For the string "REFERÊNCIA", find every matching line in the records and copy it.

*** Supplied material ***

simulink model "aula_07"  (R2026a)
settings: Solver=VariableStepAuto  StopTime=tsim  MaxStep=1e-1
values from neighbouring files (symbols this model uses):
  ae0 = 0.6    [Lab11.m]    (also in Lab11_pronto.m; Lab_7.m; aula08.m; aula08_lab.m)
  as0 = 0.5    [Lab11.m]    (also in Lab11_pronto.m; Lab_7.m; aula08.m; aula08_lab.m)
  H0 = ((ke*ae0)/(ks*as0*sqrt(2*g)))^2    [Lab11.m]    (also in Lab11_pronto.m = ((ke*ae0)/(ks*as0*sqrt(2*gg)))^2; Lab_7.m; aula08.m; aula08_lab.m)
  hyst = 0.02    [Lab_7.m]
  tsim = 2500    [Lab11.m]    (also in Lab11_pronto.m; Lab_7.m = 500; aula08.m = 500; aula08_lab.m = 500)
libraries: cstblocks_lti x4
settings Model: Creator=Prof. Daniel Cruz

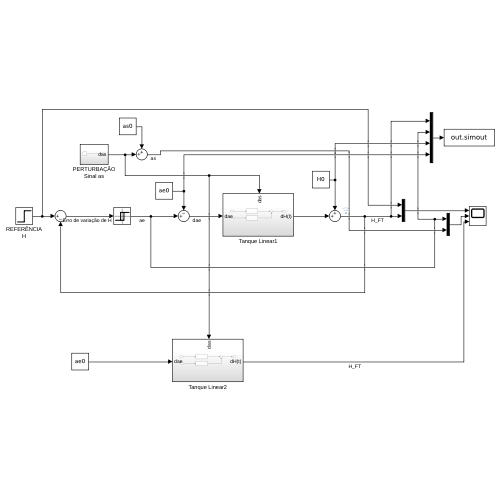
[thumbnail: Simulink's stored preview of the top-level diagram]
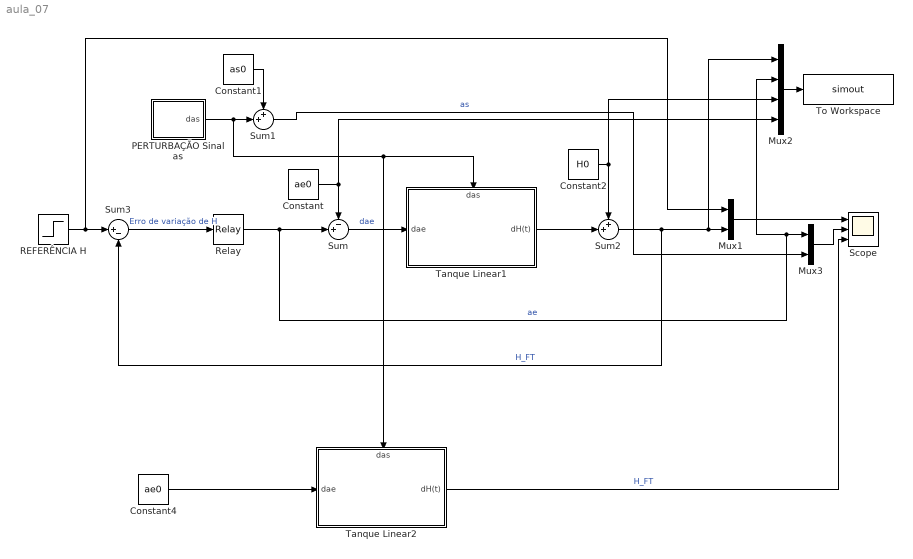
== system aula_07 ==
  Constant : Constant  Value=ae0
  Constant1 : Constant  Value=as0
  Constant2 : Constant  Value=H0
  Constant4 : Constant  Value=ae0
  Mux1 : Mux  Inputs=2
  Mux2 : Mux
  Mux3 : Mux  Inputs=2
  PERTURBAÇÃO Sinal as : Subsystem
  REFERÊNCIA H : Step  InitialValue=H0  FinalValue=H_ref  SampleTime=0
  Relay : Relay  OnSwitchValue=+hyst  OffSwitchValue=-hyst  OnOutputValue=ae_on  OffOutputValue=ae_off
  Scope : Scope  NumInputPorts=3
      settings: ActiveDisplayYMinimum=0.67139  ActiveDisplayYMaximum=1.03243
  Sum : Sum  Inputs=-+|
  Sum1 : Sum  Inputs=++|
  Sum2 : Sum  Inputs=++|
  Sum3 : Sum  Inputs=|+-
  Tanque Linear1 : Subsystem
      settings: PortSchema="{\"entries\":[{\"content\":{\"sides\":[{\"content\":{\"connectorIds\":[\"In1\"]},\"type\":\"ConnectorPlacement.EquallySpacedRectSide\",\"uuid\":\"f67b16a6-d13c-4ce1-92bf-a3b7b78f55b2\"},{\"content\":{\"connectorIds\":[\"Out1\"],\"side\":\"RIGHT\"},\"type\":\"ConnectorPlacement.EquallySpacedRectSide\",\"uuid\":\"6dfa0371-c497-4466-b77b-e5c5fe181385\"},{\"content\":{\"connectorIds\":[\"In2\"],\"side\":\"TOP\"},\"type\":\"ConnectorPlacement.EquallySpacedRectSide\",\"uuid\":\"6450f77e-1436-4798-86e5-b0a6495bdb9b\"}]},\"type\":\"ConnectorPlacement.EquallySpacedConnector\",\"uuid\":\"6402b57b-709e-4d3a-bcb1-330d3ba010a6\"}],\"packageUris\":[\"http://schema.mathworks.com/mf0/Connector/R2020b\"],\"version\":\"1.0\"}"
  Tanque Linear2 : Subsystem
      settings: PortSchema="{\"entries\":[{\"content\":{\"sides\":[{\"content\":{\"connectorIds\":[\"In1\"]},\"type\":\"ConnectorPlacement.EquallySpacedRectSide\",\"uuid\":\"f67b16a6-d13c-4ce1-92bf-a3b7b78f55b2\"},{\"content\":{\"connectorIds\":[\"Out1\"],\"side\":\"RIGHT\"},\"type\":\"ConnectorPlacement.EquallySpacedRectSide\",\"uuid\":\"6dfa0371-c497-4466-b77b-e5c5fe181385\"},{\"content\":{\"connectorIds\":[\"In2\"],\"side\":\"TOP\"},\"type\":\"ConnectorPlacement.EquallySpacedRectSide\",\"uuid\":\"6450f77e-1436-4798-86e5-b0a6495bdb9b\"}]},\"type\":\"ConnectorPlacement.EquallySpacedConnector\",\"uuid\":\"6402b57b-709e-4d3a-bcb1-330d3ba010a6\"}],\"packageUris\":[\"http://schema.mathworks.com/mf0/Connector/R2020b\"],\"version\":\"1.0\"}"
  To Workspace : ToWorkspace  VariableName=simout  SaveFormat=Timeseries  SampleTime=-1
  wires:
  Constant/1 -> Mux2/4, Sum/1
  Constant1/1 -> Sum1/1
  PERTURBAÇÃO Sinal as/1(das) -> Tanque Linear2/2(das), Tanque Linear1/2(das), Sum1/2
  Tanque Linear1/1(dH(t)) -> Sum2/2
  Constant2/1 -> Sum2/1, Mux2/3
  Sum2/1 -> Sum3/2, Mux2/1, Mux1/2  "H_FT"
  Mux1/1 -> Scope/1
  Sum1/1 -> Mux3/2  "as"
  REFERÊNCIA H/1 -> Mux1/1, Sum3/1
  Sum3/1 -> Relay/1  "Erro de variação de H"
  Relay/1 -> Mux3/1, Mux2/2, Sum/2  "ae"
  Sum/1 -> Tanque Linear1/1(dae)  "dae"
  Mux2/1 -> To Workspace/1
  Mux3/1 -> Scope/2
  Tanque Linear2/1(dH(t)) -> Scope/3  "H_FT"
  Constant4/1 -> Tanque Linear2/1(dae)

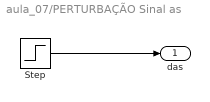
== system aula_07/PERTURBAÇÃO Sinal as ==
  Step : Step  Time=(2/5)*tsim  FinalValue=0.05  SampleTime=0
  das : Outport
  wires:
  Step/1 -> das/1

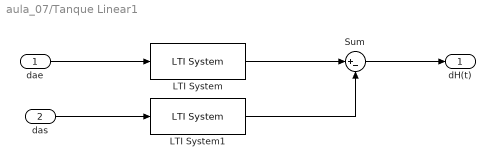
== system aula_07/Tanque Linear1 ==
  dae : Inport
  das : Inport  Port=2
  LTI System : cstblocks_lti/LTI System  sys=G  IC=[]  PadeOrder=0
  LTI System1 : cstblocks_lti/LTI System  sys=G_as  IC=[]  PadeOrder=0
  Sum : Sum  Inputs=|+-
  dH(t) : Outport
  wires:
  dae/1 -> LTI System/1
  das/1 -> LTI System1/1
  LTI System/1 -> Sum/1
  LTI System1/1 -> Sum/2
  Sum/1 -> dH(t)/1

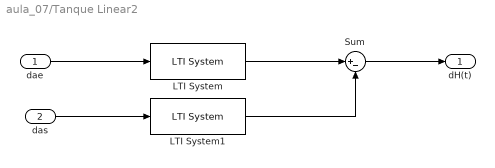
== system aula_07/Tanque Linear2 ==
  dae : Inport
  das : Inport  Port=2
  LTI System : cstblocks_lti/LTI System  sys=G  IC=[]  PadeOrder=0
  LTI System1 : cstblocks_lti/LTI System  sys=G_as  IC=[]  PadeOrder=0
  Sum : Sum  Inputs=|+-
  dH(t) : Outport
  wires:
  dae/1 -> LTI System/1
  das/1 -> LTI System1/1
  LTI System/1 -> Sum/1
  LTI System1/1 -> Sum/2
  Sum/1 -> dH(t)/1

*** End of Supplied material ***

◆ **Solution for this task**
  REFERÊNCIA H : Step  InitialValue=H0  FinalValue=H_ref  SampleTime=0
  REFERÊNCIA H/1 -> Mux1/1, Sum3/1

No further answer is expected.